This repository contains the code for the implementation of the K-Means clustering algorithm for the jet reconstruction towards the problems presented in the challenge. (https://lhco2020.github.io/homepage/)
- Dr. Rui Zhang
- Maxx Richard Rahman
Our goal is to ensure that the LHC search program is sufficiently well-rounded to capture "all" rare and complex signals. The final state for this Olympics will be more focused (generic multijet events) but the observable phase space and potential BSM parameter space(s) are large: all hadrons in the event can be used for learning (be it "cuts", supervised machine learning, or unsupervised machine learning).
What should be reported:
-
A p-value associated with the dataset having no new particles (null hypothesis).
-
As complete a description of the new physics as possible. For example: the masses and decay modes of all new particles (and uncertainties on those parameters).
-
How many signal events (+uncertainty) are in the dataset (before any selection criteria).

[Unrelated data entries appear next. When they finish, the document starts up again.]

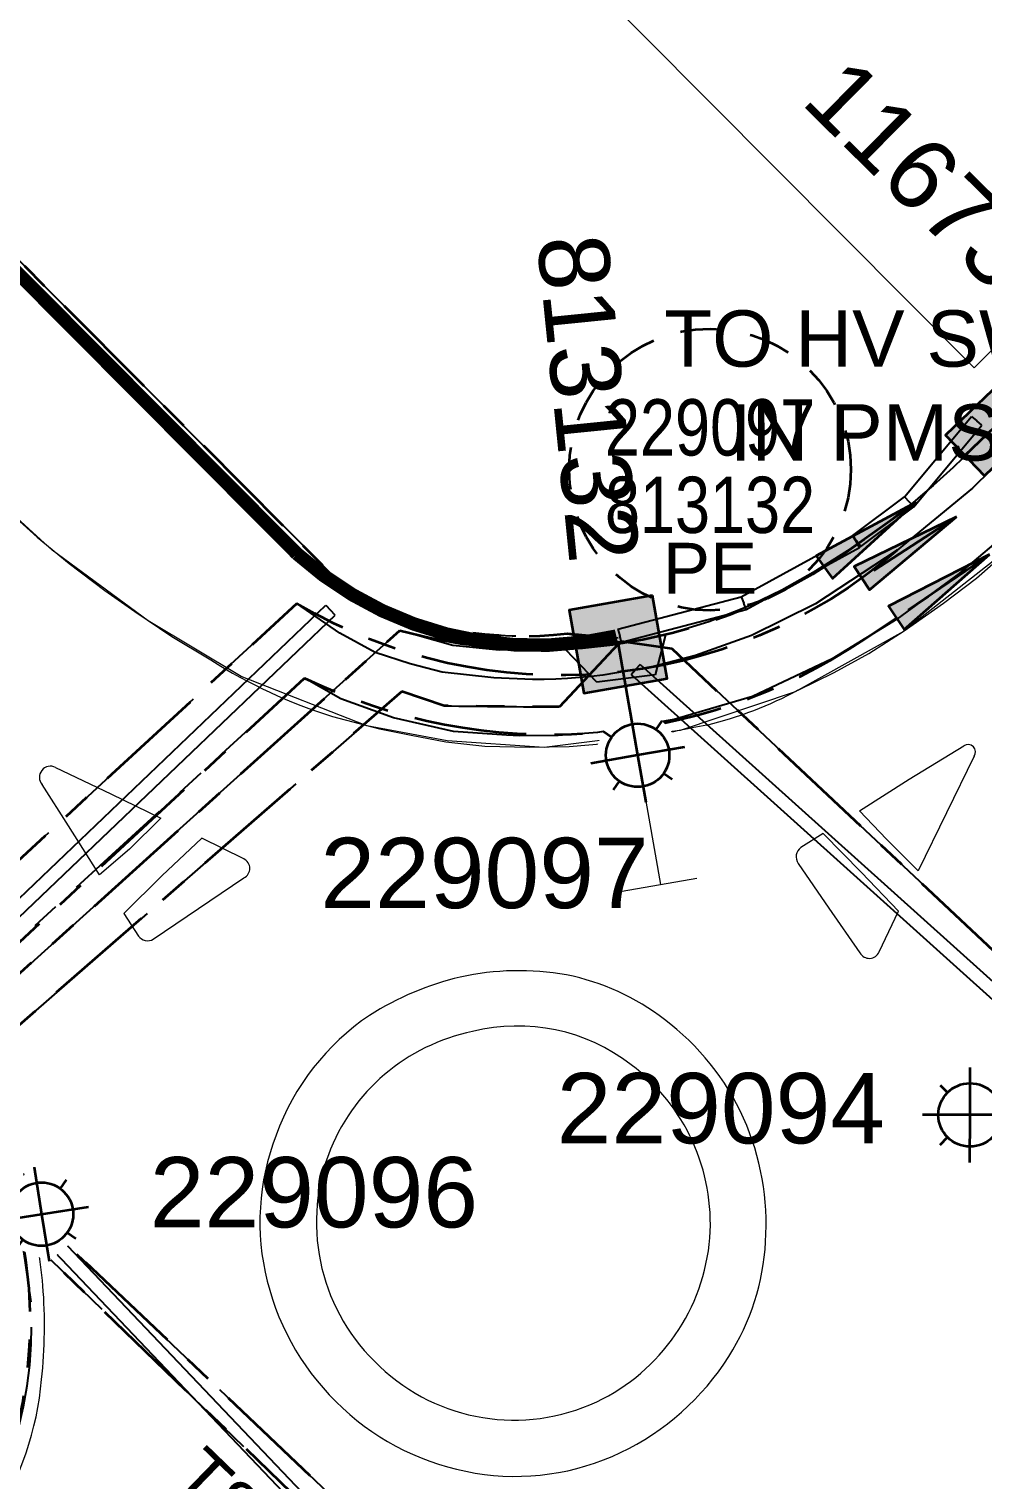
# Model space of a CAD drawing. Header units: metres. Extents: x 293418 to 294566, y 6233478 to 6234177.
# Drawn here: x 293794.6 to 293828.5, y 6233889.2 to 6233940.7 of the extents above; entities that cross this region are included whole.
import ezdxf
from ezdxf.enums import TextEntityAlignment as Align

# ---------------------------------------------------------------- set-up
doc = ezdxf.new("R2010")
doc.units = ezdxf.units.M
doc.linetypes.add('Cable Exist UG', pattern=[7, 4, -1, 1, -1])
doc.linetypes.add('Dash', pattern=[5, 3, -2])
doc.layers.get('0').update_dxf_attribs({"color": 6})
doc.layers.add('_User Miscellaneous1_Cons Lines', color=6, linetype='Continuous', lineweight=13, transparency=0.7)
doc.layers.add('_User Miscellaneous3_Roads', color=7, linetype='Continuous', lineweight=13, transparency=0.5)
for name, color, linetype, lineweight in [('_User_HV_Exist', 1, 'Continuous', 35), ('_User_LV_Exist', 5, 'Continuous', 35), ('_User_SL_Exist', 4, 'Continuous', 35), ('Cadastre Land Parcels_SP_EXT', 118, 'Continuous', 15), ('Mains_HV_EXT', 13, 'Continuous', 25), ('Mains_LV_EXT', 163, 'Continuous', 25), ('Mains_SL_EXT', 131, 'Continuous', 25)]:
    doc.layers.add(name, color=color, linetype=linetype, lineweight=lineweight)
for name, color, linetype in [('Duct_SP_EXT', 30, 'Continuous'), ('Equip_LV_EXT', 7, 'Continuous'), ('Equip_SP_SL_EXT', 7, 'Continuous'), ('Notes', 7, 'Continuous'), ('SupportsUG_SP_LV_EXT', 7, 'Continuous'), ('SupportsUG_SP_LV_SL_EXT', 7, 'Continuous'), ('UG_Details_SP_MISC', 7, 'Continuous')]:
    doc.layers.add(name, color=color, linetype=linetype)
doc.layers.add('Features_HIDE', color=1, linetype='Continuous', plot=False)
doc.styles.add('COLUMN_LABEL', font='arial.ttf', dxfattribs={"height": 2})
doc.styles.add('iecARIAL', font='arial.ttf', dxfattribs={"height": 2})
doc.styles.add('POLE_LABEL', font='arial.ttf', dxfattribs={"height": 2})
doc.styles.add('SL_LABEL', font='arial.ttf', dxfattribs={"height": 2})
doc.styles.get("Standard").update_dxf_attribs({"font": 'arial.ttf'})

# ---------------------------------------------------------------- blocks, each defined once
blk = doc.blocks.new('*U557')
at = {"width": 0.9}
blk.add_attdef('LNUMBER', text='', height=1, rotation=93.1557, dxfattribs=at).set_placement((0.613, 7.044), align=Align.MIDDLE_LEFT)
at = {"flags": 9}
for tag, p in [('LRATECODE', (-7.4, 0)), ('LOUTREACHVOCAB', (-7.2, 0)), ('LOUTREACH', (-7, 0)), ('LANTNUMBER', (-6.6, 0)), ('LNEW', (-6.4, 0)), ('LMASTVOCAB', (-6.2, 0)), ('LMAST', (-6, 0)), ('LLAMPVOCAB', (-5.8, 0)), ('LLAMP', (-5.6, 0)), ('LEXIST', (-5.4, 0)), ('LCHARGE3PERCENT', (-5.2, 0)), ('LCHARGE3', (-5, 0)), ('LCHARGE2PERCENT', (-4.8, 0)), ('LCHARGE2', (-4.6, 0)), ('LCHARGE1PERCENT', (-4.4, 0)), ('LCHARGE1', (-4.2, 0)), ('LCATEGORY', (-4, 0)), ('LBRACKETVOCAB', (-3.8, 0)), ('LBRACKET', (-3.6, 0)), ('LKINGHEIGHT', (-3.4, 0)), ('CREPLACE', (-3.2, 0)), ('CREMOVE', (-3, 0)), ('CNUMBER', (-2.8, 0)), ('CNEW', (-2.6, 0)), ('CEXIST', (-2.4, 0)), ('USAGE', (-2.2, 0)), ('STATE', (-2, 0)), ('OWNED_BY', (-1.8, 0)), ('ORIENTATION', (-1.6, 0)), ('OPERATING_VOLTAGE', (-1.4, 0)), ('NO_PHASES', (-1.2, 0)), ('LANTERN_TYPE', (-1, 0)), ('LANTERN_PURPOSE', (-0.8, 0)), ('CONTROL_TYPE', (-0.6, 0)), ('CONSTRUCTED_VOLTAGE', (-0.4, 0))]:
    blk.add_attdef(tag, text='', height=0.001, rotation=270, dxfattribs=at).set_placement(p, align=Align.MIDDLE_LEFT)
at = {"style": 'SL_LABEL', "flags": 9}
blk.add_attdef('STREET_CODE', text='', height=0.001, rotation=270, dxfattribs=at).set_placement((0.001, 0), align=Align.MIDDLE_LEFT)
at = {"flags": 1}
blk.add_attdef('Z', (0, 0), '', height=0.001, rotation=270, dxfattribs=at)
at = {"flags": 9}
for tag, p in [('LREMOVE', (0, -7.6)), ('LREPLACE', (0, -7.8)), ('LTYPE', (0, -8)), ('LTYPEVOCAB', (0, -8.2)), ('LEGEND', (0, -8.4)), ('SUBURB', (0, -8.6)), ('STREETNAME', (0, -8.8)), ('LOCATION', (0, -9)), ('NOTES', (0, -9.2)), ('MAINTAINED_BY', (0, -9.863))]:
    blk.add_attdef(tag, text='', height=0.001, dxfattribs=at).set_placement(p, align=Align.MIDDLE_LEFT)
blk.add_attdef('OPERATED_BY', (0, -9.607), '', height=0.001, dxfattribs=at)
at = {"layer": 'Features_HIDE', "width": 0.9}
blk.add_attdef('ASSET_NUM', text='', height=1, rotation=93.1557, dxfattribs=at).set_placement((-1.384, 6.934), align=Align.MIDDLE_LEFT)
blk.add_wipeout([(-0.313, 5.679), (0.78, 5.111), (1.465, 4.087), (0.897, 2.993), (-0.127, 2.309), (-1.221, 2.876), (-1.905, 3.901), (-1.338, 4.995)])
for p, q in [((-0.22, 3.994), (-0.313, 5.679)), ((-1.338, 4.995), (-1.058, 4.744)), ((0.78, 5.111), (0.53, 4.832)), ((-1.905, 3.901), (-0.22, 3.994)), ((-0.22, 3.994), (1.465, 4.087)), ((0, 0), (-0.22, 3.994)), ((-1.221, 2.876), (-0.971, 3.156)), ((0.897, 2.993), (0.618, 3.243))]:
    blk.add_line(p, q)
blk.add_circle((-0.22, 3.994), 1.125)
blk = doc.blocks.new('*U623')
at = {"width": 0.9}
blk.add_attdef('LNUMBER', text='', height=1, rotation=90.3473, dxfattribs=at).set_placement((0.958, 7.006), align=Align.MIDDLE_LEFT)
at = {"flags": 9}
for tag, p in [('LRATECODE', (-7.4, 0)), ('LOUTREACHVOCAB', (-7.2, 0)), ('LOUTREACH', (-7, 0)), ('LANTNUMBER', (-6.6, 0)), ('LNEW', (-6.4, 0)), ('LMASTVOCAB', (-6.2, 0)), ('LMAST', (-6, 0)), ('LLAMPVOCAB', (-5.8, 0)), ('LLAMP', (-5.6, 0)), ('LEXIST', (-5.4, 0)), ('LCHARGE3PERCENT', (-5.2, 0)), ('LCHARGE3', (-5, 0)), ('LCHARGE2PERCENT', (-4.8, 0)), ('LCHARGE2', (-4.6, 0)), ('LCHARGE1PERCENT', (-4.4, 0)), ('LCHARGE1', (-4.2, 0)), ('LCATEGORY', (-4, 0)), ('LBRACKETVOCAB', (-3.8, 0)), ('LBRACKET', (-3.6, 0)), ('LKINGHEIGHT', (-3.4, 0)), ('CREPLACE', (-3.2, 0)), ('CREMOVE', (-3, 0)), ('CNUMBER', (-2.8, 0)), ('CNEW', (-2.6, 0)), ('CEXIST', (-2.4, 0)), ('USAGE', (-2.2, 0)), ('STATE', (-2, 0)), ('OWNED_BY', (-1.8, 0)), ('ORIENTATION', (-1.6, 0)), ('OPERATING_VOLTAGE', (-1.4, 0)), ('NO_PHASES', (-1.2, 0)), ('LANTERN_TYPE', (-1, 0)), ('LANTERN_PURPOSE', (-0.8, 0)), ('CONTROL_TYPE', (-0.6, 0)), ('CONSTRUCTED_VOLTAGE', (-0.4, 0))]:
    blk.add_attdef(tag, text='', height=0.001, rotation=270, dxfattribs=at).set_placement(p, align=Align.MIDDLE_LEFT)
at = {"style": 'SL_LABEL', "flags": 9}
blk.add_attdef('STREET_CODE', text='', height=0.001, rotation=270, dxfattribs=at).set_placement((0.001, 0), align=Align.MIDDLE_LEFT)
at = {"flags": 1}
blk.add_attdef('Z', (0, 0), '', height=0.001, rotation=270, dxfattribs=at)
at = {"flags": 9}
for tag, p in [('LREMOVE', (0, -7.6)), ('LREPLACE', (0, -7.8)), ('LTYPE', (0, -8)), ('LTYPEVOCAB', (0, -8.2)), ('LEGEND', (0, -8.4)), ('SUBURB', (0, -8.6)), ('STREETNAME', (0, -8.8)), ('LOCATION', (0, -9)), ('NOTES', (0, -9.2)), ('MAINTAINED_BY', (0, -9.863))]:
    blk.add_attdef(tag, text='', height=0.001, dxfattribs=at).set_placement(p, align=Align.MIDDLE_LEFT)
blk.add_attdef('OPERATED_BY', (0, -9.607), '', height=0.001, dxfattribs=at)
at = {"layer": 'Features_HIDE', "width": 0.9}
blk.add_attdef('ASSET_NUM', text='', height=1, rotation=90.3473, dxfattribs=at).set_placement((-1.042, 6.994), align=Align.MIDDLE_LEFT)
blk.add_wipeout([(-0.034, 5.687), (1.03, 5.067), (1.663, 4.01), (1.043, 2.946), (-0.014, 2.312), (-1.078, 2.933), (-1.712, 3.99), (-1.091, 5.054)])
for p, q in [((-0.024, 4), (-0.034, 5.687)), ((-1.091, 5.054), (-0.825, 4.791)), ((1.03, 5.067), (0.766, 4.8)), ((-1.712, 3.99), (-0.024, 4)), ((-0.024, 4), (1.663, 4.01)), ((0, 0), (-0.024, 4)), ((-1.078, 2.933), (-0.815, 3.2)), ((1.043, 2.946), (0.776, 3.209))]:
    blk.add_line(p, q)
blk.add_circle((-0.024, 4), 1.125)
blk = doc.blocks.new('LV_UG_LINKS_OPEN_EXT')
at = {"layer": 'Equip_LV_EXT'}
for tag, height, flags, p in [('ACTUAL_STATUS', 0.167, 9, (3.167, -1.667)), ('CONSTRUCTED_VOLTAGE', 0.167, 9, (3.167, -1.833)), ('NO_PHASES', 0.167, 9, (3.167, -2)), ('OPERATING_VOLTAGE', 0.2, 9, (3, -2.6)), ('ORIENTATION', 0.2, 9, (3, -2.8)), ('STATE', 0.2, 9, (3, -3)), ('SWITCH_TYPE', 0.2, 9, (3, -3.2)), ('USAGE', 0.2, 9, (3, -3.4)), ('NOTES', 0.2, 9, (3, -3.6)), ('OWNED_BY', 0.2, 9, (3, -3.8)), ('OPERATED_BY', 0.2, 9, (3, -4)), ('MAINTAINED_BY', 0.2, 9, (3, -4.2)), ('TYPE', 0.2, 9, (3, -4.6)), ('NUMBER_OF_PHASES', 0.2, 9, (3, -4.4)), ('Z', 0.2, 1, (3, -4.8))]:
    blk.add_attdef(tag, text='', height=height, dxfattribs=dict(at, flags=flags)).set_placement(p, align=Align.MIDDLE_LEFT)
blk.add_wipeout([(4, 1.25), (3.969, 1.25), (3.939, 1.248), (3.908, 1.247), (3.877, 1.244), (3.847, 1.241), (3.817, 1.236), (3.786, 1.232), (3.756, 1.226), (3.726, 1.22), (3.696, 1.213), (3.667, 1.205), (3.637, 1.196), (3.608, 1.187), (3.579, 1.177), (3.55, 1.166), (3.522, 1.155), (3.493, 1.143), (3.466, 1.13), (3.438, 1.117), (3.411, 1.102), (3.384, 1.088), (3.357, 1.072), (3.331, 1.056), (3.306, 1.039), (3.28, 1.022), (3.255, 1.004), (3.231, 0.985), (3.207, 0.966), (3.184, 0.947), (3.161, 0.926), (3.138, 0.905), (3.116, 0.884), (3.095, 0.862), (3.074, 0.839), (3.053, 0.816), (3.034, 0.793), (3.015, 0.769), (2.996, 0.745), (2.978, 0.72), (2.961, 0.694), (2.944, 0.669), (2.928, 0.643), (2.912, 0.616), (2.898, 0.589), (2.883, 0.562), (2.87, 0.534), (2.857, 0.507), (2.845, 0.478), (2.834, 0.45), (2.823, 0.421), (2.813, 0.392), (2.804, 0.363), (2.795, 0.333), (2.787, 0.304), (2.78, 0.274), (2.774, 0.244), (2.768, 0.214), (2.764, 0.183), (2.759, 0.153), (2.756, 0.123), (2.753, 0.092), (2.752, 0.061), (2.75, 0.031), (2.75, 0), (2.75, -0.031), (2.752, -0.061), (2.753, -0.092), (2.756, -0.123), (2.759, -0.153), (2.764, -0.183), (2.768, -0.214), (2.774, -0.244), (2.78, -0.274), (2.787, -0.304), (2.795, -0.333), (2.804, -0.363), (2.813, -0.392), (2.823, -0.421), (2.834, -0.45), (2.845, -0.478), (2.857, -0.507), (2.87, -0.534), (2.883, -0.562), (2.898, -0.589), (2.912, -0.616), (2.928, -0.643), (2.944, -0.669), (2.961, -0.694), (2.978, -0.72), (2.996, -0.745), (3.015, -0.769), (3.034, -0.793), (3.053, -0.816), (3.074, -0.839), (3.095, -0.862), (3.116, -0.884), (3.138, -0.905), (3.161, -0.926), (3.184, -0.947), (3.207, -0.966), (3.231, -0.985), (3.255, -1.004), (3.28, -1.022), (3.306, -1.039), (3.331, -1.056), (3.357, -1.072), (3.384, -1.088), (3.411, -1.102), (3.438, -1.117), (3.466, -1.13), (3.493, -1.143), (3.522, -1.155), (3.55, -1.166), (3.579, -1.177), (3.608, -1.187), (3.637, -1.196), (3.667, -1.205), (3.696, -1.213), (3.726, -1.22), (3.756, -1.226), (3.786, -1.232), (3.817, -1.236), (3.847, -1.241), (3.877, -1.244), (3.908, -1.247), (3.939, -1.248), (3.969, -1.25), (4, -1.25), (4.031, -1.25), (4.061, -1.248), (4.092, -1.247), (4.123, -1.244), (4.153, -1.241), (4.183, -1.236), (4.214, -1.232), (4.244, -1.226), (4.274, -1.22), (4.304, -1.213), (4.333, -1.205), (4.363, -1.196), (4.392, -1.187), (4.421, -1.177), (4.45, -1.166), (4.478, -1.155), (4.507, -1.143), (4.534, -1.13), (4.562, -1.117), (4.589, -1.102), (4.616, -1.088), (4.643, -1.072), (4.669, -1.056), (4.694, -1.039), (4.72, -1.022), (4.745, -1.004), (4.769, -0.985), (4.793, -0.966), (4.816, -0.947), (4.839, -0.926), (4.862, -0.905), (4.884, -0.884), (4.905, -0.862), (4.926, -0.839), (4.947, -0.816), (4.966, -0.793), (4.985, -0.769), (5.004, -0.745), (5.022, -0.72), (5.039, -0.694), (5.056, -0.669), (5.072, -0.643), (5.088, -0.616), (5.102, -0.589), (5.117, -0.562), (5.13, -0.534), (5.143, -0.507), (5.155, -0.478), (5.166, -0.45), (5.177, -0.421), (5.187, -0.392), (5.196, -0.363), (5.205, -0.333), (5.213, -0.304), (5.22, -0.274), (5.226, -0.244), (5.232, -0.214), (5.236, -0.183), (5.241, -0.153), (5.244, -0.123), (5.247, -0.092), (5.248, -0.061), (5.25, -0.031), (5.25, 0), (5.25, 0.031), (5.248, 0.061), (5.247, 0.092), (5.244, 0.123), (5.241, 0.153), (5.236, 0.183), (5.232, 0.214), (5.226, 0.244), (5.22, 0.274), (5.213, 0.304), (5.205, 0.333), (5.196, 0.363), (5.187, 0.392), (5.177, 0.421), (5.166, 0.45), (5.155, 0.478), (5.143, 0.507), (5.13, 0.534), (5.117, 0.562), (5.102, 0.589), (5.088, 0.616), (5.072, 0.643), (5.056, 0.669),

Two types of files (from this Zenodo link):
-
"Monte Carlo Simulation Background": This is a simulated sample that does not have signal. Be warned that both the physics and the detector modeling for this simulation may not exactly reflect the “Data”.
-
"Data": These are the LHCO 2020 black boxes. These samples may contain some new signal(s). We will release three black boxes during this challenge. The first one was released on November 19. The second one was released on December 4.
Both the "Simulation" and "Data" have the following event selection: at least one anti-kT R = 1.0 jet with pseudorapidity |η| < 2.5 and transverse momentum pT > 1.2 TeV. For each event, we provide a list of all hadrons (pT, η, φ, pT, η, φ, ...) zero-padded up to 700 hadrons.
In order to use K-Means clustering algorithm, we need to first feed in the no. of clusters we want to form from all the hadron entries in an event. So, in order to know the optimal number of clusters which can be formed, we will use the concept of sum of squared distances and check it for let suppose from 1 cluster to 10 clusters. For that, we will first compute the Elbow curve. So our aim is to find a point (value of K) after which there will be a very less change in the sum of the squared distance from the cluster centroid.
Once we get the optimal values for no. of clusters, we can easily run K-Means fit to label our dataset into these clusters.
An important thing to note, here I have used Phi & Eta as two features as inputs for my K-Means algorithm. We can also give Pt as the third feature or maybe give any other combination of two features. I have tried all these possible ways, it gives a good result, but if you plot it on Phi-Eta plane, it does not make any sense. You can also play around with it and try to optimize the Elbow curve.
And we can also give some weights to each hadron entry in an event. It can also help us to optimize our Elbow curve.
For example, the elbow curve and the formation of cluster up to K=5 for the first event is shown below. As one can see that after K=5, there is a very less change in the sum of the squared distance from the cluster centroid as we move forward. So, the optimal numbers of clusters formed for this event should be 5.
Let us take another example by looking at the second event, hereafter K=3, there is a very less change in the sum of the squared distance from the cluster centroid. So, the optimal numbers of clusters formed for this event should be 3.